EXERCISE AIM: Nothing but the lines from the top of the data to the line holding "Circle(SKETCH1_R_2, mode=Mode.SUBTRACT)" should be printed, word for word and both ends included; leave the pictures out.

INFORMATION PROVIDED:

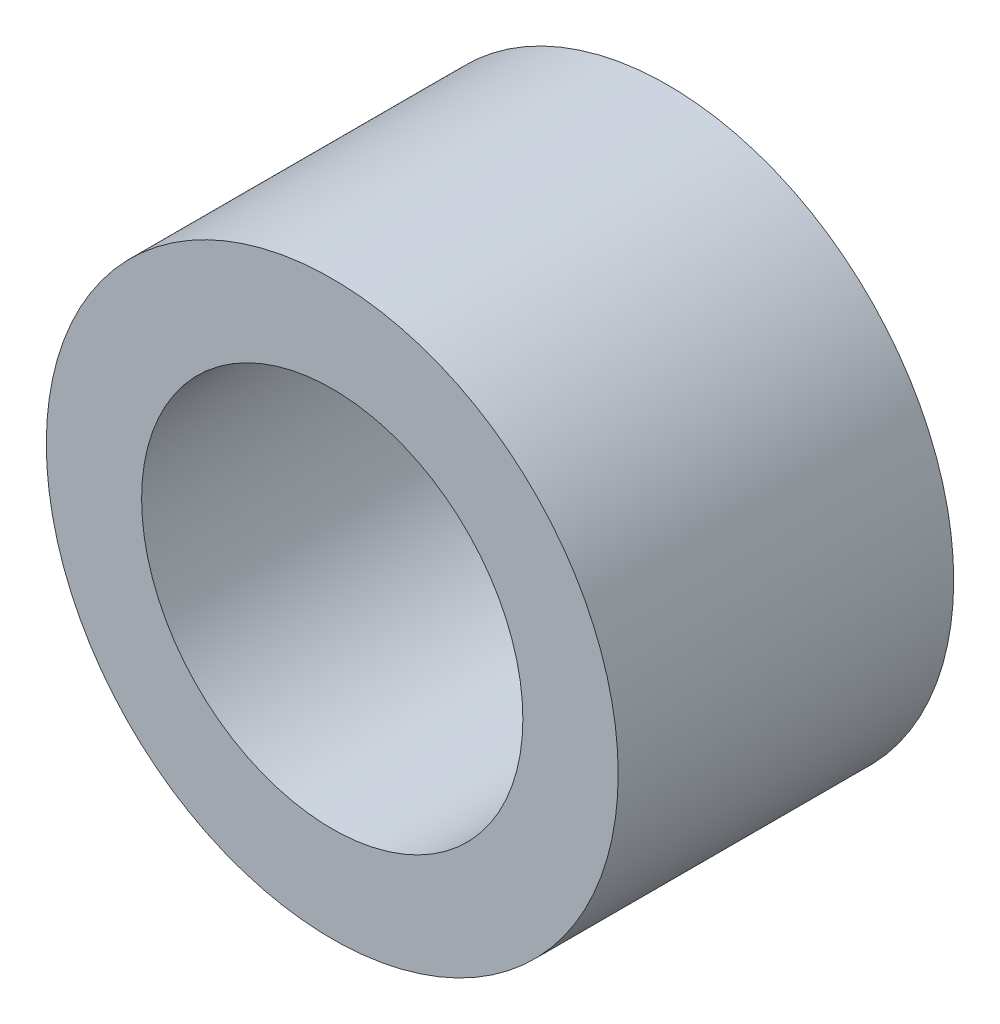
from build123d import *

# Parameters (mm, degrees)
SKETCH1_R          = 4.7625
SKETCH1_R_2        = 3.175
BASE_EXTRUDE_DEPTH = 5.588


with BuildPart() as part:
    # Sketch1 → Base-Extrude (new body)
    with BuildSketch(Plane.XY):
        Circle(SKETCH1_R)
        Circle(SKETCH1_R_2, mode=Mode.SUBTRACT)
    extrude(amount=BASE_EXTRUDE_DEPTH)


solid = part.part

EXERCISE SOLUTION:
from build123d import *

# Parameters (mm, degrees)
SKETCH1_R          = 4.7625
SKETCH1_R_2        = 3.175
BASE_EXTRUDE_DEPTH = 5.588


with BuildPart() as part:
    # Sketch1 → Base-Extrude (new body)
    with BuildSketch(Plane.XY):
        Circle(SKETCH1_R)
        Circle(SKETCH1_R_2, mode=Mode.SUBTRACT)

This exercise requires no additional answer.